Reproduce only the stretch of entries below that begins at the first line and ends at the line holding "DCM2quat : Subsystem".

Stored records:
# # # # # # #

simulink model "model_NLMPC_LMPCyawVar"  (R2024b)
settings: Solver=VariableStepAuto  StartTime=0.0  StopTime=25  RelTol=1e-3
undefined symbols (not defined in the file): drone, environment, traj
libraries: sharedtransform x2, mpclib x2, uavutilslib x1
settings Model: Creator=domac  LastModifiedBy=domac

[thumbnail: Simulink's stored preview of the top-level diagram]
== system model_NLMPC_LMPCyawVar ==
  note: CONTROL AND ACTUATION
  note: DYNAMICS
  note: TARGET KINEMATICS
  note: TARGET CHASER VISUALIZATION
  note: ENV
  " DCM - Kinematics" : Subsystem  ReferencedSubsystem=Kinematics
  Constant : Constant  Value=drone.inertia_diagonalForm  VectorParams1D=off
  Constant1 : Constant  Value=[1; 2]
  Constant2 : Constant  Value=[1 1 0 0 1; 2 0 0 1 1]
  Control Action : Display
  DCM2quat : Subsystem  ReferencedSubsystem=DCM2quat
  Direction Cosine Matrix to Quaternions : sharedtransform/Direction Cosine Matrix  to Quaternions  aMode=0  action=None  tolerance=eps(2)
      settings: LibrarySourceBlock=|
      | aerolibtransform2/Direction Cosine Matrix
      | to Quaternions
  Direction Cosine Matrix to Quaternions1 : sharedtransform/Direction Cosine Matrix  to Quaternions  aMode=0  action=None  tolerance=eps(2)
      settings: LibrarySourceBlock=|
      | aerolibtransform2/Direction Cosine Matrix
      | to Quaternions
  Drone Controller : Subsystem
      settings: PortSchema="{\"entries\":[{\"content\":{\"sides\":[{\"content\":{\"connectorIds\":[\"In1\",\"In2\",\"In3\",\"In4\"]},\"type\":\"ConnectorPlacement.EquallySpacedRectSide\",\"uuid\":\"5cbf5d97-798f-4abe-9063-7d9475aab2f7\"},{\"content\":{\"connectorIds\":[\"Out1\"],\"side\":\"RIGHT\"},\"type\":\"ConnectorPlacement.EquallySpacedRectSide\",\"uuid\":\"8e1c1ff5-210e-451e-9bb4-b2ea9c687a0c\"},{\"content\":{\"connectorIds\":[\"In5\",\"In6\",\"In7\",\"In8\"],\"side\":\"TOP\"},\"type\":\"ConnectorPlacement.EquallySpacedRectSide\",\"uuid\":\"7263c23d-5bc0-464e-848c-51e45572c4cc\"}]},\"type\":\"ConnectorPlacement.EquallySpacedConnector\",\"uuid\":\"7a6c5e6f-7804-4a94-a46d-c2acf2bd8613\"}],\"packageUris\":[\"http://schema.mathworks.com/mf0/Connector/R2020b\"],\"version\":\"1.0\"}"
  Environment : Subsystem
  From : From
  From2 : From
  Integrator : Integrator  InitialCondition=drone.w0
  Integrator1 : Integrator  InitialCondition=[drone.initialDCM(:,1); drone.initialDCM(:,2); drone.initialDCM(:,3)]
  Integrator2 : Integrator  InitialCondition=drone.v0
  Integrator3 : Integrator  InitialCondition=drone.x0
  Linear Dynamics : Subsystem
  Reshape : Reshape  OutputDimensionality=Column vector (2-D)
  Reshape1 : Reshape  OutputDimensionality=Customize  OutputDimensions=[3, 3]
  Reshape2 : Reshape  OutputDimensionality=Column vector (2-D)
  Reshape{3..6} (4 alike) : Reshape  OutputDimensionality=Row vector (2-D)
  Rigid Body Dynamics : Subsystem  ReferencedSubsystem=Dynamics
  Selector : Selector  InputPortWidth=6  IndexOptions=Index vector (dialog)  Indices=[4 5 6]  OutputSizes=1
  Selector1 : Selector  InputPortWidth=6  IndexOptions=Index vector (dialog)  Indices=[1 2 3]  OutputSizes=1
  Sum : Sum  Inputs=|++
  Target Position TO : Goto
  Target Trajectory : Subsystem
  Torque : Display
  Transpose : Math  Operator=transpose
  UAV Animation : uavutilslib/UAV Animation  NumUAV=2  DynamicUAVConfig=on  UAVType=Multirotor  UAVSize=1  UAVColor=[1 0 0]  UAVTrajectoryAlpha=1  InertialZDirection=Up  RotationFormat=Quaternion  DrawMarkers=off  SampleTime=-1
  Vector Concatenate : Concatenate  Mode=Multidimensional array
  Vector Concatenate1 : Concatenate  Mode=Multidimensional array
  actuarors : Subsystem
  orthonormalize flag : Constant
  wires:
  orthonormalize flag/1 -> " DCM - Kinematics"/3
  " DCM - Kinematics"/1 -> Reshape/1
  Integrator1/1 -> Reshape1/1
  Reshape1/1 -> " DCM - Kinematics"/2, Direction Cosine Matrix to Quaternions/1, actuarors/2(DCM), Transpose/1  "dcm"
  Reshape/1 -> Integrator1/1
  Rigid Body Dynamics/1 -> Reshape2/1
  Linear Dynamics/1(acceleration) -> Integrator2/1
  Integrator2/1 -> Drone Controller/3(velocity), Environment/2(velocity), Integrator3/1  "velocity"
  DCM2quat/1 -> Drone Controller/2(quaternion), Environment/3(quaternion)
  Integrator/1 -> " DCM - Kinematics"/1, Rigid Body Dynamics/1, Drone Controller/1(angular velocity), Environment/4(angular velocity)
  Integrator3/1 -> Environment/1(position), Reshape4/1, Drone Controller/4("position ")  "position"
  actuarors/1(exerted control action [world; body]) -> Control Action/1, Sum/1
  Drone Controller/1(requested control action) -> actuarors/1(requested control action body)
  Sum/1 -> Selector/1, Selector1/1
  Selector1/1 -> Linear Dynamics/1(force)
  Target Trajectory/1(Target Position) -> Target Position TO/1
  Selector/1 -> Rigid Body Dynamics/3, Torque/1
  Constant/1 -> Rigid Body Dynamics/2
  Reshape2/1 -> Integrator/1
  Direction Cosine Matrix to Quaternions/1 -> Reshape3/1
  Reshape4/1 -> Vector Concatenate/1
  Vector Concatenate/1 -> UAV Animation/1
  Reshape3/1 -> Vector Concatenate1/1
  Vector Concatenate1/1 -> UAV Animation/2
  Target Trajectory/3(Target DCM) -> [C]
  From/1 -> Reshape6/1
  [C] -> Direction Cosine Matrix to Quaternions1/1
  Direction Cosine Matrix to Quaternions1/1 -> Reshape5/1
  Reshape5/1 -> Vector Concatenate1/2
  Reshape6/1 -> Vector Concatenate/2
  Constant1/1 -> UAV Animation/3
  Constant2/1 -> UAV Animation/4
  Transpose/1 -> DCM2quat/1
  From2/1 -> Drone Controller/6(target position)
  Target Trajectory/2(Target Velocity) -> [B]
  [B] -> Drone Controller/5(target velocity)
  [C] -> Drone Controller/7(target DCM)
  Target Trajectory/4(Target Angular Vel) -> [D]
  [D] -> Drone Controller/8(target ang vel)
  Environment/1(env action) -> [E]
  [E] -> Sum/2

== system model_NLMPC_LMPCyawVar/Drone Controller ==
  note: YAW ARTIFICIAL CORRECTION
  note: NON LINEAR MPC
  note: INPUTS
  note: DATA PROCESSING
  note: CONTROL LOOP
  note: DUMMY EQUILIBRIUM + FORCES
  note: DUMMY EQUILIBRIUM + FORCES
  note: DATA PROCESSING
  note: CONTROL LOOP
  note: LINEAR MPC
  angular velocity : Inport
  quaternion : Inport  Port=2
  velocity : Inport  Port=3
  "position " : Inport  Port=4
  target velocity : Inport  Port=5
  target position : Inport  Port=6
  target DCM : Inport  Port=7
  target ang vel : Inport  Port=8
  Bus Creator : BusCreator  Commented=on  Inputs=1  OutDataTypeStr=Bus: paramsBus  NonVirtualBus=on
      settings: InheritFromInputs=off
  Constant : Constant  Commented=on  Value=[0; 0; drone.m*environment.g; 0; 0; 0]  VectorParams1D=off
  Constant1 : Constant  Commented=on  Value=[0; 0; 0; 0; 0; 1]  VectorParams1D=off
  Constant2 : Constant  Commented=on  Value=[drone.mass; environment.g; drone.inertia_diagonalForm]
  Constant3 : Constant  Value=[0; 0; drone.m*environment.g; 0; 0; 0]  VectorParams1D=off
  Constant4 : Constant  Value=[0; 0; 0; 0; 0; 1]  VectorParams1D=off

# # # # # # #

▸ **SOLUTION TO THIS PROBLEM**:
simulink model "model_NLMPC_LMPCyawVar"  (R2024b)
settings: Solver=VariableStepAuto  StartTime=0.0  StopTime=25  RelTol=1e-3
undefined symbols (not defined in the file): drone, environment, traj
libraries: sharedtransform x2, mpclib x2, uavutilslib x1
settings Model: Creator=domac  LastModifiedBy=domac

[thumbnail: Simulink's stored preview of the top-level diagram]
== system model_NLMPC_LMPCyawVar ==
  note: CONTROL AND ACTUATION
  note: DYNAMICS
  note: TARGET KINEMATICS
  note: TARGET CHASER VISUALIZATION
  note: ENV
  " DCM - Kinematics" : Subsystem  ReferencedSubsystem=Kinematics
  Constant : Constant  Value=drone.inertia_diagonalForm  VectorParams1D=off
  Constant1 : Constant  Value=[1; 2]
  Constant2 : Constant  Value=[1 1 0 0 1; 2 0 0 1 1]
  Control Action : Display
  DCM2quat : Subsystem  ReferencedSubsystem=DCM2quat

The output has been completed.